WHAT YOU HAVE TO DO. Once the line with "# F6 (on offset) → F7 (new body)" is found in the data, output it and each following line exactly, up to and including the line with "# F9 (on Right) → F10 (new body)", and nothing before or after.

*** Opening of DATA FOR THE TASK ***

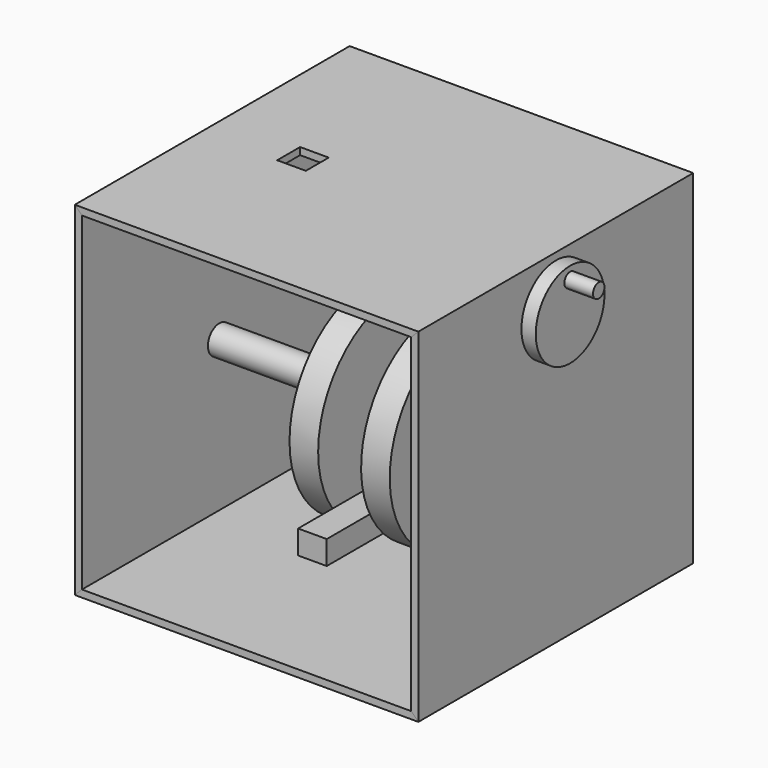
from build123d import *

# Parameters (mm, degrees)
F0_R      = 3.175
F1_DEPTH  = 304.8
F3_R      = 31.75
F4_DEPTH  = 38.1
F6_W      = 304.8
F6_H      = 304.8
F6_W_2    = 25.4
F6_H_2    = 25.4
F7_DEPTH  = 6.35
F8_SIZE   = 6.34999
F9_W      = 304.8
F9_H      = 304.8
F10_DEPTH = 6.35
F11_SIZE  = 6.34999
F13_W     = 304.8
F13_H     = 304.8
F14_DEPTH = 6.35
F15_SIZE  = 6.34999
F17_W     = 304.8
F17_H     = 304.8
F18_DEPTH = 6.35
F19_SIZE  = 6.34999
F22_DEPTH = 25.4
F23_R     = 9.525
F24_DEPTH = 38.1
F26_W     = 304.8
F26_H     = 304.8
F27_DEPTH = 6.35
F28_SIZE  = 6.34999
F29_R     = 38.1
F30_DEPTH = 12.7
F31_R     = 6.35
F32_DEPTH = 25.4
F33_R     = 12.7
F34_DEPTH = 69.85
F36_R     = 88.9
F37_DEPTH = 25.4
F38_R     = 12.7
F39_DEPTH = 134.62
F41_DEPTH = 25.4


# Not quite as in the source:
# - a fillet or chamfer is up to 0.001 mm smaller than in the source, because OpenCascade refuses the exact size
# - a feature of the source that left no trace in its solid (it failed there, or was rolled back) is left out


with BuildPart() as f1:
    # F0 (on Right) → F1 (new body)
    with BuildSketch(Plane.YZ):
        Circle(F0_R)
    extrude(amount=F1_DEPTH)

    # F3 (on offset) → F4 (join)
    with BuildSketch(Plane.YZ.offset(63.5)):
        with Locations((0, -25.4)):
            Circle(F3_R)
    extrude(amount=F4_DEPTH)

    # F21 (on offset) → F22, piece 2 (join)
    with BuildSketch(Plane.YZ.offset(203.2)):
        with BuildLine():
            ThreePointArc((-9.51e-08, -31.75), (22.4506402691, -22.4506403363), (31.75, 0))
            ThreePointArc((31.75, 0), (-22.4506402691, 22.4506403363), (-9.51e-08, -31.75))
        make_face()
    extrude(amount=F22_DEPTH)


with BuildPart() as f7:
    # F6 (on offset) → F7 (new body)
    with BuildSketch(Plane.XY.offset(38.1)):
        with Locations((152.4, 0)):
            Rectangle(F6_W, F6_H)
        with Locations((80.4958567023, 0)):
            Rectangle(F6_W_2, F6_H_2, mode=Mode.SUBTRACT)
    extrude(amount=F7_DEPTH)

    # F8 (size 6.35 in the source; OpenCascade refuses exactly that, so slightly less here)
    f8_edges = [f7.edges().sort_by_distance(p)[0] for p in [
        (304.8, 0, 38.1),
        (152.4, 152.4, 38.1),
        (0, 0, 38.1),
    ]]
    chamfer(f8_edges, length=F8_SIZE)


with BuildPart() as f10:
    # F9 (on Right) → F10 (new body)
    with BuildSketch(Plane.YZ):
        with Locations((0, -107.95)):
            Rectangle(F9_W, F9_H)
    extrude(amount=F10_DEPTH)

    # F11 (size 6.35 in the source; OpenCascade refuses exactly that, so slightly less here)
    f11_edges = [f10.edges().sort_by_distance(p)[0] for p in [
        (6.35, 0, 44.45),
        (6.35, 0, -260.35),
        (6.35, 152.4, -107.95),
    ]]
    chamfer(f11_edges, length=F11_SIZE)


with BuildPart() as f14:
    # F13 (on offset) → F14 (new body)
    with BuildSketch(Plane.XZ.offset(-152.4)):
        with Locations((152.4, -107.95)):
            Rectangle(F13_W, F13_H)
    extrude(amount=F14_DEPTH)

    # F15 (size 6.35 in the source; OpenCascade refuses exactly that, so slightly less here)
    f15_edges = [f14.edges().sort_by_distance(p)[0] for p in [
        (152.4, 146.05, 44.45),
        (304.8, 146.05, -107.95),
        (152.4, 146.05, -260.35),
        (0, 146.05, -107.95),
    ]]
    chamfer(f15_edges, length=F15_SIZE)


with BuildPart() as f18:
    # F17 (on offset) → F18 (new body)
    with BuildSketch(Plane.XY.offset(-260.35)):
        with Locations((152.4, 0)):
            Rectangle(F17_W, F17_H)
    extrude(amount=F18_DEPTH)

    # F19 (size 6.35 in the source; OpenCascade refuses exactly that, so slightly less here)
    f19_edges = [f18.edges().sort_by_distance(p)[0] for p in [
        (0, 0, -254),
        (152.4, 152.4, -254),
        (304.8, 0, -254),
    ]]
    chamfer(f19_edges, length=F19_SIZE)


with BuildPart() as f22:
    # F21 (on offset) → F22 (new body)
    with BuildSketch(Plane.YZ.offset(203.2)):
        with BuildLine():
            ThreePointArc((88.9, -120.65), (62.8617928139, -57.7882071189), (-9.51e-08, -31.75))
            ThreePointArc((-9.51e-08, -31.75), (-62.8617928139, -183.5117928811), (88.9, -120.65))
        make_face()
    extrude(amount=F22_DEPTH)


with BuildPart() as f24:
    # F23 (on face) → F24 (new body)
    with BuildSketch(Plane(origin=(203.2, 0, 0), x_dir=(0, -1, 0), z_dir=(-1, 0, 0))):
        with Locations((0, -171.45)):
            Circle(F23_R)
    extrude(amount=F24_DEPTH)

    # F36 (on offset) → F37 (join)
    with BuildSketch(Plane(origin=(165.1, 0, 0), x_dir=(0, -1, 0), z_dir=(-1, 0, 0))):
        with Locations((0, -120.65)):
            Circle(F36_R)
    extrude(amount=F37_DEPTH)


with BuildPart() as f27:
    # F26 (on offset) → F27 (new body)
    with BuildSketch(Plane.YZ.offset(304.8)):
        with Locations((0, -107.95)):
            Rectangle(F26_W, F26_H)
    extrude(amount=-F27_DEPTH)

    # F28 (size 6.35 in the source; OpenCascade refuses exactly that, so slightly less here)
    f28_edges = [f27.edges().sort_by_distance(p)[0] for p in [
        (298.45, 0, 44.45),
        (298.45, 152.4, -107.95),
        (298.45, 0, -260.35),
    ]]
    chamfer(f28_edges, length=F28_SIZE)


with BuildPart() as f30:
    # F29 (on face) → F30 (new body)
    with BuildSketch(Plane.YZ.offset(304.8)):
        Circle(F29_R)
    extrude(amount=F30_DEPTH)

    # F31 (on face) → F32 (join)
    with BuildSketch(Plane.YZ.offset(317.5)):
        with Locations((0, 27.0901415497)):
            Circle(F31_R)
    extrude(amount=F32_DEPTH)


with BuildPart() as f34:
    # F33 (on face) → F34 (new body)
    with BuildSketch(Plane.YZ.offset(228.6)):
        with Locations((0, -120.65)):
            Circle(F33_R)
    extrude(amount=F34_DEPTH)


with BuildPart() as f39:
    # F38 (on face) → F39 (new body)
    with BuildSketch(Plane(origin=(139.7, 0, 0), x_dir=(0, -1, 0), z_dir=(-1, 0, 0))):
        with Locations((0, -120.65)):
            Circle(F38_R)
    extrude(amount=F39_DEPTH)


with BuildPart() as f41:
    # F40 (on face) → F41 (new body)
    with BuildSketch(Plane.YZ.offset(203.2)):
        with BuildLine():
            ThreePointArc((-15.8678864062, -181.991), (-19.05, -171.45), (-15.8678864062, -160.909))
            Line((-15.8678864062, -160.909), (-127, -160.909))
            Line((-127, -160.909), (-127, -181.991))
            Line((-127, -181.991), (-15.8678864062, -181.991))
        make_face()
        with BuildLine():
            Line((0, -160.909), (-15.8678864062, -160.909))
            ThreePointArc((-15.8678864062, -160.909), (-19.05, -171.45), (-15.8678864062, -181.991))
            Line((-15.8678864062, -181.991), (0, -181.991))
            ThreePointArc((0, -181.991), (-10.541, -171.45), (0, -160.909))
        make_face()
        with BuildLine():
            ThreePointArc((-15.8678864062, -181.991), (5.5054184202, -189.6871288316), (19.05, -171.45))
            ThreePointArc((19.05, -171.45), (5.5054184202, -153.2128711684), (-15.8678864062, -160.909))
            Line((-15.8678864062, -160.909), (0, -160.909))
            ThreePointArc((0, -160.909), (7.4536125805, -163.9963874195), (10.541, -171.45))
            ThreePointArc((10.541, -171.45), (7.4536125805, -178.9036125805), (0, -181.991))
            Line((0, -181.991), (-15.8678864062, -181.991))
        make_face()
    extrude(amount=-F41_DEPTH)


solid = Compound([f1.part, f7.part, f10.part, f14.part, f18.part, f22.part, f24.part, f27.part, f30.part, f34.part, f39.part, f41.part])

*** Close of DATA FOR THE TASK ***

REPLY.
    # F6 (on offset) → F7 (new body)
    with BuildSketch(Plane.XY.offset(38.1)):
        with Locations((152.4, 0)):
            Rectangle(F6_W, F6_H)
        with Locations((80.4958567023, 0)):
            Rectangle(F6_W_2, F6_H_2, mode=Mode.SUBTRACT)
    extrude(amount=F7_DEPTH)

    # F8 (size 6.35 in the source; OpenCascade refuses exactly that, so slightly less here)
    f8_edges = [f7.edges().sort_by_distance(p)[0] for p in [
        (304.8, 0, 38.1),
        (152.4, 152.4, 38.1),
        (0, 0, 38.1),
    ]]
    chamfer(f8_edges, length=F8_SIZE)


with BuildPart() as f10:
    # F9 (on Right) → F10 (new body)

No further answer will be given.